I beg to differ.   I did five 45 second rounds and five 30 second rounds of opening a can of Whoop *** on a set of focus pads and...c'mon...my knuckles aren't even raw!  Nothing like year of training to toughen them up a bit.  

So...all ye who know more than me (which is all of you, innit? )

Why should I wear these gloves?  Is there more to it than how my knuckles look afterwards?  Would gloves protect my joints from something nasty like arthritis down the road?  That would be a big deal to me as engineers and computers are generally inseperable.

What do you all think?


----------



## Ceicei (Jun 13, 2006)

When hitting inanimate objects....  I don't use gloves.  That's because the objects don't hit back.  However, when I spar with another person, I usually use gloves (the instructor requires us to use the gear).  The gloves not only protect me, it also protects my partner.  Sometimes we can get rough when we ante up the contact.  Once in a while, we do spar without gloves (when we have a different instructor teaching)--that's a whole new ball game there.

- Ceicei


----------



## fnorfurfoot (Jun 13, 2006)

Personally, I'm in favor of bare knuckles.  The only time I would suggest gloves is if you were hitting a canvas heavy bag, but only if you prefer skin to cover you knuckles.  Otherwise, bang away.  I think that it is totally up to you.  The more you can do without covering up, the better prepared you will be in a fight.  The last thing you want is to defend yourself and have your fist split open when you hit the guy.


----------



## Hand Sword (Jun 13, 2006)

Hi Carol,

I come from the street fighting perspective, where, ultimately it comes down to bare knuckles. So, for that reason, if real self defense is the key, you have to have them conditioned (like the old ways did also). That being said, I also used to bang away bare, canvas bags included and never would bleed, thanks to the conditioning back in the day. So, I'll say if your good without protection, do it that way against inanimate objects.


----------



## evenflow1121 (Jun 13, 2006)

I kind of like students to come back to class the next day, and though I am an avid supporter of free sparring, that is being able to hit anywhere including the face, and even incorporating take downs; I would not want to have anyone in a class that I would be teaching have a cheek bone broken or take some other serious injury as a result of bare knuckle fighting.  I dont really think it is necessary.  In my opinion if you allow the use of gloves and a mouth peice, you can achieve your goals through sparring without a heavy risk of seriously injuring someone.

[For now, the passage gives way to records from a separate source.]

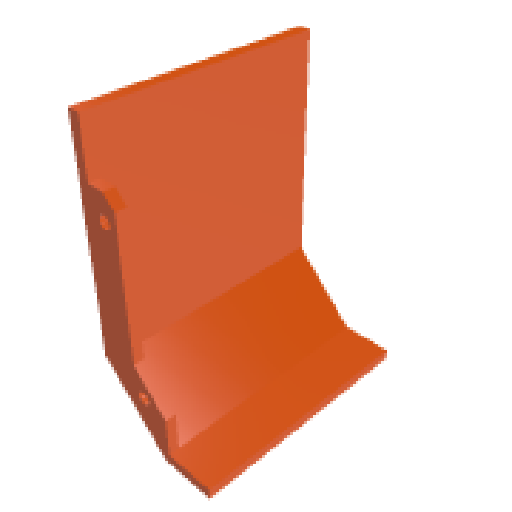
# Autodesk Inventor part: Drag Chain Edge Panel
Saved by Autodesk Inventor 2023.2 (Build 272271000, 271)
## iProperties
Created: 2023-02-24
Part Number: Drag Chain Edge Panel
Material: ABS Plastic
Document SubType Name: Modeling
Designer: remop
Density: 1.06 g/cm^3
Appearance: Smooth - Light Orange
Author: remop
Autodesk Inventor part; units mm, degrees
ref_plane "YZ Plane" through (0, 0, 0) normal (1, 0, 0) x (0, 1, 0)
ref_plane "XZ Plane" through (0, 0, 0) normal (0, 1, 0) x (-1, 0, 0)
ref_plane "XY Plane" through (0, 0, 0) normal (0, 0, 1) x (1, 0, 0)
sketch "Sketch1" plane through (0, 0, 0) normal (0, 0, 1) x (1, 0, 0)
  line L0 (8.7118, -48.8173) -> (8.7118, -78.8173) projected
  line L1 (5.5118, -78.8173) -> (8.7118, -78.8173) projected
  line L2 (5.5118, 131.1827) -> (5.5118, -108.8173) projected
  line L3 (5.5118, 131.1827) -> (5.5118, -141.2563) projected
  line L4 (5.5118, -141.2563) -> (25.5118, -161.2563) projected
  line L5 (25.5118, -161.2563) -> (40.5118, -161.2563) projected
  line L6 (14.7118, -45.3532) -> (8.7118, -48.8173) projected
  line L7 (14.7118, -35.3532) -> (14.7118, -45.3532) projected
  circle A0 centre (11.7118, -40.3532) radius 1.85 projected
  line L8 (8.7118, -31.8891) -> (14.7118, -35.3532) projected
  line L9 (8.7118, -78.8173) -> (8.7118, -140.2136)
  line L10 (8.7118, -140.2136) -> (26.7544, -158.2563)
  line L11 (26.7544, -158.2563) -> (40.5118, -158.2563)
  line L12 (40.5118, -158.2563) -> (40.5118, -161.2563)
  point P0 (0, 0)
  point P1 (33.0118, -161.2563)
  dimension "d0" = 3
  dimension "d1" = 3
  constraints: 8 end point, 2 perpendicular, 1 midpoint, 1 parallel, 1 vertical
  measures "d0" distance between parallel lines of L4 L10
  measures "d1" distance from line of point (33.012, -161.256) L11
extrude "Extrusion1" add sketch "Sketch1" along normal blind 64 contours L1 L9 L10 L11 L12 L5 L4 L3 L2
sketch "Sketch2" plane through (0, 0, 64) normal (0, 0, 1) x (1, 0, 0)
  line L0 (8.7118, -140.2136) -> (8.7118, -78.8173) projected
  line L1 (26.7544, -158.2563) -> (8.7118, -140.2136) projected
  circle A0 centre (12.7118, -101.131) radius 1.75
  circle A1 centre (19.3686, -145.2136) radius 1.75
  line L2 (26.7544, -158.2563) -> (26.7544, -146.9426)
  line L3 (26.7544, -146.9426) -> (16.7118, -136.8999)
  line L4 (16.7118, -136.8999) -> (16.7118, -97.131)
  line L5 (16.7118, -97.131) -> (13.3981, -93.8173)
  line L6 (13.3981, -93.8173) -> (8.7118, -93.8173)
  line L7 (8.7118, -140.2136) -> (8.7118, -78.8173) projected
  point P0 (0, 0)
  dimension "d4" = 4
  dimension "d5" = 4
  dimension "d6" = 3.5
  dimension "d7" = 4
  dimension "d8" = 4
  dimension "d9" = 45
  dimension "d10" = 4
  dimension "d11" = 5
  dimension "d12" = 15
  constraints: 10 end point, 2 centre point, 2 parallel, 1 equal length, 1 equal radius, 1 perpendicular, 1 point on line, 1 vertical
  measures "d4" distance from line of L1 A1.centre
  measures "d5" distance from line of L0 A0.centre
  measures "d6" diameter of A1
  measures "d7" distance from line of A0.centre L4
  measures "d8" horizontal distance of A0.centre L4.end
  measures "d9" angle of L5 L4
  measures "d10" distance from line of L3 A1.centre
  measures "d11" vertical distance of L0.start A1.centre
  measures "d12" distance from line of L0.end L6
extrude "Extrusion2" add sketch "Sketch2" against normal blind 3
equation "\"d1\" = d0"
equation "\"d5\" = d4"
equation "\"d7\" = d5"
equation "\"d8\" = d7"
equation "\"d10\" = d4"
body "Solid1"
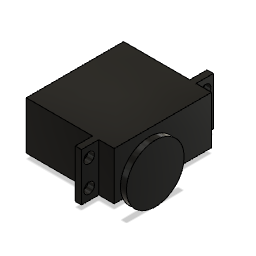
Servo Module v45 (Autodesk Fusion 360 archive; units mm, degrees)
design "HS-311"
Autodesk Fusion 360 part; units mm, degrees
sketch "Sketch1" plane through (0, 0, 0) normal (0, 0, 1) x (1, 0, 0) in component "MG995 v1 (1)"
  line L0 (-20.2, 9.95) -> (20.2, 9.95)
  line L1 (20.2, 9.95) -> (20.2, -9.95)
  line L2 (20.2, -9.95) -> (-20.2, -9.95)
  line L3 (-20.2, -9.95) -> (-20.2, 9.95)
  line L4 (0, 9.95) -> (0, -9.95) construction
  line L5 (-20.2, 0) -> (20.2, 0) construction
  dimension "d1_1_1_1_1" = 40.4
  dimension "d2_1_1_1_1" = 19.9
  constraint horizontal L0
  constraint vertical L1
  constraint horizontal L2
  constraint vertical L3
  constraint midpoint L0 L4.start
  constraint midpoint L2 L4.end
  constraint midpoint L3 L5.start
  constraint midpoint L1 L5.end
  constraint coincident origin L5
  constraint coincident origin L4
  measures "d1_1_1_1_1" distance of L0.start L0.end
  measures "d2_1_1_1_1" distance of L0.start L2.end
extrude "Extrude1" add sketch "Sketch1" along normal blind 36.5 in component "MG995 v1 (1)"
sketch "Sketch2" plane through (0, 0, 36.5) normal (0, 0, 1) x (1, 0, 0) in component "MG995 v1 (1)"
  line L0 (-20.2, -9.95) -> (20.2, -9.95)
  line L1 (20.2, -9.95) -> (20.2, 9.95)
  line L2 (20.2, 9.95) -> (-20.2, 9.95)
  line L3 (-20.2, 9.95) -> (-20.2, -9.95)
  line L4 (20.2, 9.95) -> (-20.2, 9.95)
  line L5 (-20.2, -9.95) -> (20.2, -9.95)
  line L6 (-10.7, 9.95) -> (-10.7, -9.95) construction
  circle A0 centre (-10.7, 0) radius 2.9
  line L7 (0, 9.95) -> (0, -9.95) construction
  dimension "d5_1_1_1_1" = 5.8
  dimension "d8_1_1_1_1" = 9.5
  constraint coincident L2 L6.start
  constraint coincident L0 L6.end
  constraint perpendicular L0 L6
  constraint midpoint L6 A0.centre
  constraint midpoint L4 L7.start
  constraint midpoint L5 L7.end
  measures "d5_1_1_1_1" diameter of A0
  measures "d8_1_1_1_1" distance of L3 L6
extrude "Extrude2" add sketch "Sketch2" along normal blind 5.06 contours A0 in component "MG995 v1 (1)"
ref_plane "WorkPlane1" through (0, 0, 27.5) normal (0, 0, -1) x (-1, 0, 0) in component "MG995 v1 (1)"
sketch "Sketch3" plane through (-4.1411, 18.8966, 27.5) normal (0, 0, -1) x (1, 0, 0) in component "MG995 v1 (1)"
  line L0 (31.5411, 8.9466) -> (-23.2589, 8.9466)
  line L1 (-23.2589, 8.9466) -> (-23.2589, 28.8466)
  line L2 (-23.2589, 28.8466) -> (31.5411, 28.8466)
  line L3 (31.5411, 28.8466) -> (31.5411, 8.9466)
  line L4 (24.3411, 28.8466) -> (-16.0589, 28.8466)
  line L5 (-16.0589, 8.9466) -> (24.3411, 8.9466)
  line L6 (24.3411, 8.9466) -> (24.3411, 28.8466)
  line L7 (-16.0589, 28.8466) -> (-16.0589, 8.9466)
  circle A0 centre (28.3411, 13.4466) radius 2.2
  circle A1 centre (28.3411, 24.3466) radius 2.2
  circle A2 centre (-20.0589, 13.4466) radius 2.2
  circle A3 centre (-20.0589, 24.3466) radius 2.2
  line L8 (28.3411, 8.9466) -> (28.3411, 28.8466) construction
  line L9 (-20.0589, 8.9466) -> (-20.0589, 28.8466) construction
  dimension "d10_1_1_1_1" = 7.2
  dimension "d11_1_1_1_1" = 7.2
  dimension "d12_1_1_1_1" = 4.4
  dimension "d13_1_1_1" = 4.4
  dimension "d14_1_1_1" = 4.4
  dimension "d15_1_1_1" = 4.4
  dimension "d16_1_1_1" = 4.5
  dimension "d17_1_1_1" = 4.5
  dimension "d18_1_1_1" = 4.5
  dimension "d19_1_1_1" = 4.5
  dimension "d20_1_1_1" = 3.2
  dimension "d21_1_1_1" = 3.2
  constraint horizontal L0
  constraint vertical L1
  constraint horizontal L2
  constraint vertical L3
  constraint collinear L2 L4
  constraint collinear L0 L5
  constraint coincident L0 L8.start
  constraint coincident L2 L8.end
  constraint perpendicular L2 L8
  constraint coincident L0 L9.start
  constraint coincident L2 L9.end
  constraint perpendicular L2 L9
  constraint coincident A0.centre L8
  constraint coincident A1.centre L8
  constraint coincident A2.centre L9
  constraint coincident A3.centre L9
  measures "d10_1_1_1_1" distance of L3 L6
  measures "d11_1_1_1_1" distance of L1 L7
  measures "d12_1_1_1_1" diameter of A0
  measures "d13_1_1_1" diameter of A1
  measures "d14_1_1_1" diameter of A2
  measures "d15_1_1_1" diameter of A3
  measures "d16_1_1_1" distance of L0 A0.centre
  measures "d17_1_1_1" distance of L2 A1.centre
  measures "d18_1_1_1" distance of L0 A2.centre
  measures "d19_1_1_1" distance of L2 A3.centre
  measures "d20_1_1_1" distance of L3 L8
  measures "d21_1_1_1" distance of L1 L9
extrude "Extrude3" add sketch "Sketch3" against normal blind 2.6 contours L0 L2 L3 L6 | L0 L1 L2 L7 in component "MG995 v1 (1)"
sketch "Sketch5" plane through (0, 0, 41.56) normal (0, 0, 1) x (1, 0, 0) in component "MG995 v1 (1)"
  circle A0 centre (-10.7, 0) radius 2.9
  circle A1 centre (-10.7, 0) radius 11.98
  dimension "d494_1_1_1" = 23.96
  constraint concentric A0 A1
  measures "d494_1_1_1" diameter of A1
extrude "Extrude5" add sketch "Sketch5" along normal blind 2.5 contours A0 | A1 in component "MG995 v1 (1)"
component "MG995 v1 (1)" placed x (0, 1, 0) y (0, 0, 1) z (1, 0, 0) at (-69.2471, 31.7306, -29.2908)

I have done bare knuckle fighting before, in fact I still practice it from time to time, mainly with a few Hung Gar and Kick Boxing buddies of mine, and I would not mind having a few people I know practice with me, but I would NOT incorporate it in a regular curriculum.


----------



## Hand Sword (Jun 13, 2006)

I would agree here. In class, sparring against others, definitely use the gloves. Condition on the side, as you have been doing.


----------



## Carol (Jun 13, 2006)

Hand Sword said:
			
		

> I would agree here. In class, sparring against others, definitely use the gloves. Condition on the side, as you have been doing.


 
Sorry guys, I wasn't clear.  This was punching blitz rounds on sets of rack mounted focus pads.  Inanimate objects only.

No kenpo-kas were harmed in the making of these blitz rounds


----------



## MJS (Jun 13, 2006)

Carol Kaur said:
			
		

> "When pure knuckles meet pure flesh, that's pure Karate" - SGM Parker
> 
> Blitz rounds today. I just love punching the daylights out of an inanimate object. :EG:
> 
> ...


 
I've hit the pads both with and without gloves.  If you're doing pad drills for a long period of time, it may be a good idea to wear some gloves, just to give that added protection.  Some gloves also have a portion that wraps around the wrist.  This is good, as it'll give some extra support.  Personally, if you're going to be required to buy gloves, I'd buy a pair of bag gloves rather than sparring gloves.

Mike


----------



## Lisa (Jun 13, 2006)

I like my hands.   Therefore, I prefer gloves when hitting pads.  I have gone bare knuckle and caused bruising, cuts and swelling.

Part of my job is that I have to type for a living, so...kinda need to be able to move the fingers


----------



## Drac (Jun 14, 2006)

fnorfurfoot said:
			
		

> Personally, I'm in favor of bare knuckles. The only time I would suggest gloves is if you were hitting a canvas heavy bag, but only if you prefer skin to cover you knuckles


 
Same here..Don't have a lot of time to glove up while on patrol so it's good to toughen your knuckles up..


----------



## Danjo (Jun 14, 2006)

I think that the knuckles need to be conditioned. I think that using gloves while hitting focus pads would only be neccessary if you were training for a fight that required gloves so that you could get used to the weight of them.


----------



## rutherford (Jun 14, 2006)

Conditioning that comes from hitting pads without gloves shouldn't hurt your hands in the long run.  You've gotta get a bit more extreme before you need to be worried about impacting your typing ability.

With a canvas bag, how you punch has a lot to do with how much skin you'll loose.  When bag work was part of my training, I'd leave off on twisting my punches with a canvas bag and try to minimize the abrassion.


----------



## HKphooey (Jun 14, 2006)

I prefer bare knunckles for any bag/pad work.  It conditions the knuckles and teaches you to strike correctly.  Most of the friction on the skin occurs when the bag/pag is not hit properly/squarely.


----------



## Brian R. VanCise (Jun 14, 2006)

Nothing wrong with bare knuckles/bare hand when hitting those focus mitts.     After all that is probably what you will have in the *moment*.

Brian R. VanCise
www.insitnctiveresponsetraining.com


----------